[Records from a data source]
===============
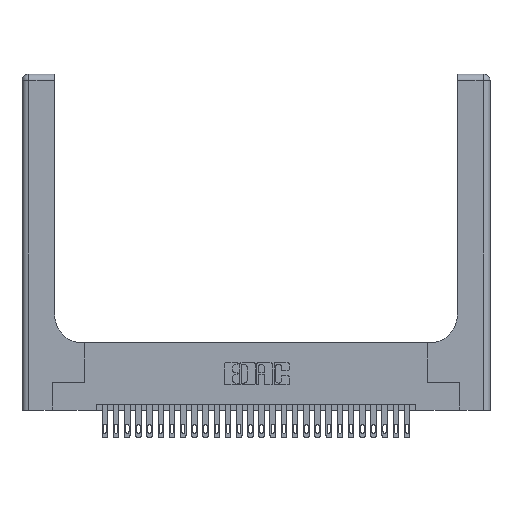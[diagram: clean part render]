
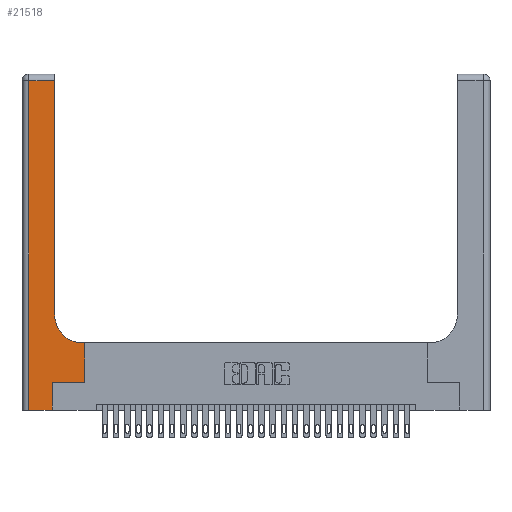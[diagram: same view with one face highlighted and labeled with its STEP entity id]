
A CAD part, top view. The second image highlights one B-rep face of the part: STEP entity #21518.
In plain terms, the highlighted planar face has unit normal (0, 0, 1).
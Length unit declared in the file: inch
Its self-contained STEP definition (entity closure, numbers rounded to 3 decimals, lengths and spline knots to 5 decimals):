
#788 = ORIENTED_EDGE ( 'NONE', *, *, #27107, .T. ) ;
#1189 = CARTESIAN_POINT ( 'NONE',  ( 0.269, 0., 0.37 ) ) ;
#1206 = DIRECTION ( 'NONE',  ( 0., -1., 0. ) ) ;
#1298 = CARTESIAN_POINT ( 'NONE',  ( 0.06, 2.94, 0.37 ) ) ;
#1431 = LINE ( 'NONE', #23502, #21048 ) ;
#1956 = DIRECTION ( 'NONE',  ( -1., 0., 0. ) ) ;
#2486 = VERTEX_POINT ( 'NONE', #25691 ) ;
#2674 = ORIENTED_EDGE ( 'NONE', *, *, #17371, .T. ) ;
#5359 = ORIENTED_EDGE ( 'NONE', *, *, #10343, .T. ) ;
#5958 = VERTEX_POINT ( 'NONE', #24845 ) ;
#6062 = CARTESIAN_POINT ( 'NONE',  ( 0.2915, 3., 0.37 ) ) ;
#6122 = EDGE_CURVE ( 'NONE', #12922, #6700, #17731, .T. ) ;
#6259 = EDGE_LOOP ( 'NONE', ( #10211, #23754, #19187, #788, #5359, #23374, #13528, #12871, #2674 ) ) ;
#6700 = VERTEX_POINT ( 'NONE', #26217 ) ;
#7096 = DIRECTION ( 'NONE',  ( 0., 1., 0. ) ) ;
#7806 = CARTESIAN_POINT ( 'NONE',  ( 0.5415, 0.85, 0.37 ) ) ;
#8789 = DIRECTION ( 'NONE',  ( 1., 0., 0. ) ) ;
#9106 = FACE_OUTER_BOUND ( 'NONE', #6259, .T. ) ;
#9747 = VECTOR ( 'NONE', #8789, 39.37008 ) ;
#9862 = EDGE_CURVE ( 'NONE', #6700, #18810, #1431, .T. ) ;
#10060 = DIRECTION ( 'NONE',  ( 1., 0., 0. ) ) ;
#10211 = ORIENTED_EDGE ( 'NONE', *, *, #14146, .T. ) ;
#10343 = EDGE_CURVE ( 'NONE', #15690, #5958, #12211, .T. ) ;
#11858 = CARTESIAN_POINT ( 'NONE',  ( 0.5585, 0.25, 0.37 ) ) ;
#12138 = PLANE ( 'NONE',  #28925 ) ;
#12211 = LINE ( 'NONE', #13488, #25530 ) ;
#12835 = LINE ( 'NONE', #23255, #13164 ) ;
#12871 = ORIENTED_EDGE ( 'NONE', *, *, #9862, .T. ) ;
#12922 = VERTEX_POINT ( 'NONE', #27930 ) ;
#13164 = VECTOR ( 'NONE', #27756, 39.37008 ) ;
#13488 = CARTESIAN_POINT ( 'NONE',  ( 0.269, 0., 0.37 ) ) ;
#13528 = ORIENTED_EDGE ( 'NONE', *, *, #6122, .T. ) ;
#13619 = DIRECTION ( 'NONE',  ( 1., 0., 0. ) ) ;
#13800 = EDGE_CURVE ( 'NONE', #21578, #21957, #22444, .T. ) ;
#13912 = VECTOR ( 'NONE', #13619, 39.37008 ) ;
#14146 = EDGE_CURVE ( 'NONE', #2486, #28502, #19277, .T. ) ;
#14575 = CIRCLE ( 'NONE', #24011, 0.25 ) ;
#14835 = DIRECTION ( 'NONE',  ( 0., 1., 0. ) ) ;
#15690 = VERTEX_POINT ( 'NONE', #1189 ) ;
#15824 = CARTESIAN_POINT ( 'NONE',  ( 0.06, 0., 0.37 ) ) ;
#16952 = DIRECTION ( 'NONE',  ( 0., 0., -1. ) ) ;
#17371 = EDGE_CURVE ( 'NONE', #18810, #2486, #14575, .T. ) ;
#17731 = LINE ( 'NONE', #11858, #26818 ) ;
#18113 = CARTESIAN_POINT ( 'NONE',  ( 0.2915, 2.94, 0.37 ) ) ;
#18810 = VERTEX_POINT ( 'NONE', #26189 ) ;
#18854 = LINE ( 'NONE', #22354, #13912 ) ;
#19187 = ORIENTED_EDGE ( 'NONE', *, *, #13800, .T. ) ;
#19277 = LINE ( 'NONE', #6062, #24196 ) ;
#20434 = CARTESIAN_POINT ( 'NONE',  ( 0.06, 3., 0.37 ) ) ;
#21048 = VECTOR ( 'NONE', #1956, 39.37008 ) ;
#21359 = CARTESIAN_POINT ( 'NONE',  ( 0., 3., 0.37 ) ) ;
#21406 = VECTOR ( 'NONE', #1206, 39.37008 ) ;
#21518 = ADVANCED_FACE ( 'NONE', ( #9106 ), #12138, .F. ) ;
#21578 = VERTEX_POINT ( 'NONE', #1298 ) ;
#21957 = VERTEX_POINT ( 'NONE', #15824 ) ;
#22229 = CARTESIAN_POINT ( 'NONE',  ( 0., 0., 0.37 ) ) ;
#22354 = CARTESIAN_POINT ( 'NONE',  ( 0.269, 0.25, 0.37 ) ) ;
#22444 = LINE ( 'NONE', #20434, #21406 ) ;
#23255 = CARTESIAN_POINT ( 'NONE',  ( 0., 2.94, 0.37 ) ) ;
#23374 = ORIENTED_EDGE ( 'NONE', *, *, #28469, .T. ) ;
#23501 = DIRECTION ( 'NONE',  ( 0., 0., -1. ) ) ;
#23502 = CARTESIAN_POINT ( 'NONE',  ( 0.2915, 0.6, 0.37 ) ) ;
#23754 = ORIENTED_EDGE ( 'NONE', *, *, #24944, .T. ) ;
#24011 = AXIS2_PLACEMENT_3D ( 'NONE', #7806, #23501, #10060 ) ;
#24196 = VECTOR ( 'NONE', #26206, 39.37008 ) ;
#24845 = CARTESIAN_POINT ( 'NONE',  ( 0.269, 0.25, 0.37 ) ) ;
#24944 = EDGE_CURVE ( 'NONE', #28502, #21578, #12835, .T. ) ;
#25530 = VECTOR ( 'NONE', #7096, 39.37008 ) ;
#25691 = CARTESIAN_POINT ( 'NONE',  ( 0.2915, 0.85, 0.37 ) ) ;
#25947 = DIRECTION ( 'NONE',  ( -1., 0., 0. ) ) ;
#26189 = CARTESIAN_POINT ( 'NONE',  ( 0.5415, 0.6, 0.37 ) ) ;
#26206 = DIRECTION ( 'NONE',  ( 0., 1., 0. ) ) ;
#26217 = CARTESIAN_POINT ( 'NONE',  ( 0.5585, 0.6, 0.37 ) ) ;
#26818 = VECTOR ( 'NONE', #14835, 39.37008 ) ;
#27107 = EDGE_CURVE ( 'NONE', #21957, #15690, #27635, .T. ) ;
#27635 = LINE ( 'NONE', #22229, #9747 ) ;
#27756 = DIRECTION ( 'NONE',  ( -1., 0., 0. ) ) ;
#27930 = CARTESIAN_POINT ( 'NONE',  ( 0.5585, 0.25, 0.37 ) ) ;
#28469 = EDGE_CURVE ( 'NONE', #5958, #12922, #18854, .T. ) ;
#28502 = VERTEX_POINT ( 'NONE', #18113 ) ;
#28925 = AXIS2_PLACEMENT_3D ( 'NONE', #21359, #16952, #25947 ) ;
===============
» Work to be completed:
Only the lines from the one containing "#22354 = CARTESIAN_POINT" through the end of the records above belong in the output, each exactly as it stands, both ends included.

» Exercise result:
#22354 = CARTESIAN_POINT ( 'NONE',  ( 0.269, 0.25, 0.37 ) ) ;
#22444 = LINE ( 'NONE', #20434, #21406 ) ;
#23255 = CARTESIAN_POINT ( 'NONE',  ( 0., 2.94, 0.37 ) ) ;
#23374 = ORIENTED_EDGE ( 'NONE', *, *, #28469, .T. ) ;
#23501 = DIRECTION ( 'NONE',  ( 0., 0., -1. ) ) ;
#23502 = CARTESIAN_POINT ( 'NONE',  ( 0.2915, 0.6, 0.37 ) ) ;
#23754 = ORIENTED_EDGE ( 'NONE', *, *, #24944, .T. ) ;
#24011 = AXIS2_PLACEMENT_3D ( 'NONE', #7806, #23501, #10060 ) ;
#24196 = VECTOR ( 'NONE', #26206, 39.37008 ) ;
#24845 = CARTESIAN_POINT ( 'NONE',  ( 0.269, 0.25, 0.37 ) ) ;
#24944 = EDGE_CURVE ( 'NONE', #28502, #21578, #12835, .T. ) ;
#25530 = VECTOR ( 'NONE', #7096, 39.37008 ) ;
#25691 = CARTESIAN_POINT ( 'NONE',  ( 0.2915, 0.85, 0.37 ) ) ;
#25947 = DIRECTION ( 'NONE',  ( -1., 0., 0. ) ) ;
#26189 = CARTESIAN_POINT ( 'NONE',  ( 0.5415, 0.6, 0.37 ) ) ;
#26206 = DIRECTION ( 'NONE',  ( 0., 1., 0. ) ) ;
#26217 = CARTESIAN_POINT ( 'NONE',  ( 0.5585, 0.6, 0.37 ) ) ;
#26818 = VECTOR ( 'NONE', #14835, 39.37008 ) ;
#27107 = EDGE_CURVE ( 'NONE', #21957, #15690, #27635, .T. ) ;
#27635 = LINE ( 'NONE', #22229, #9747 ) ;
#27756 = DIRECTION ( 'NONE',  ( -1., 0., 0. ) ) ;
#27930 = CARTESIAN_POINT ( 'NONE',  ( 0.5585, 0.25, 0.37 ) ) ;
#28469 = EDGE_CURVE ( 'NONE', #5958, #12922, #18854, .T. ) ;
#28502 = VERTEX_POINT ( 'NONE', #18113 ) ;
#28925 = AXIS2_PLACEMENT_3D ( 'NONE', #21359, #16952, #25947 ) ;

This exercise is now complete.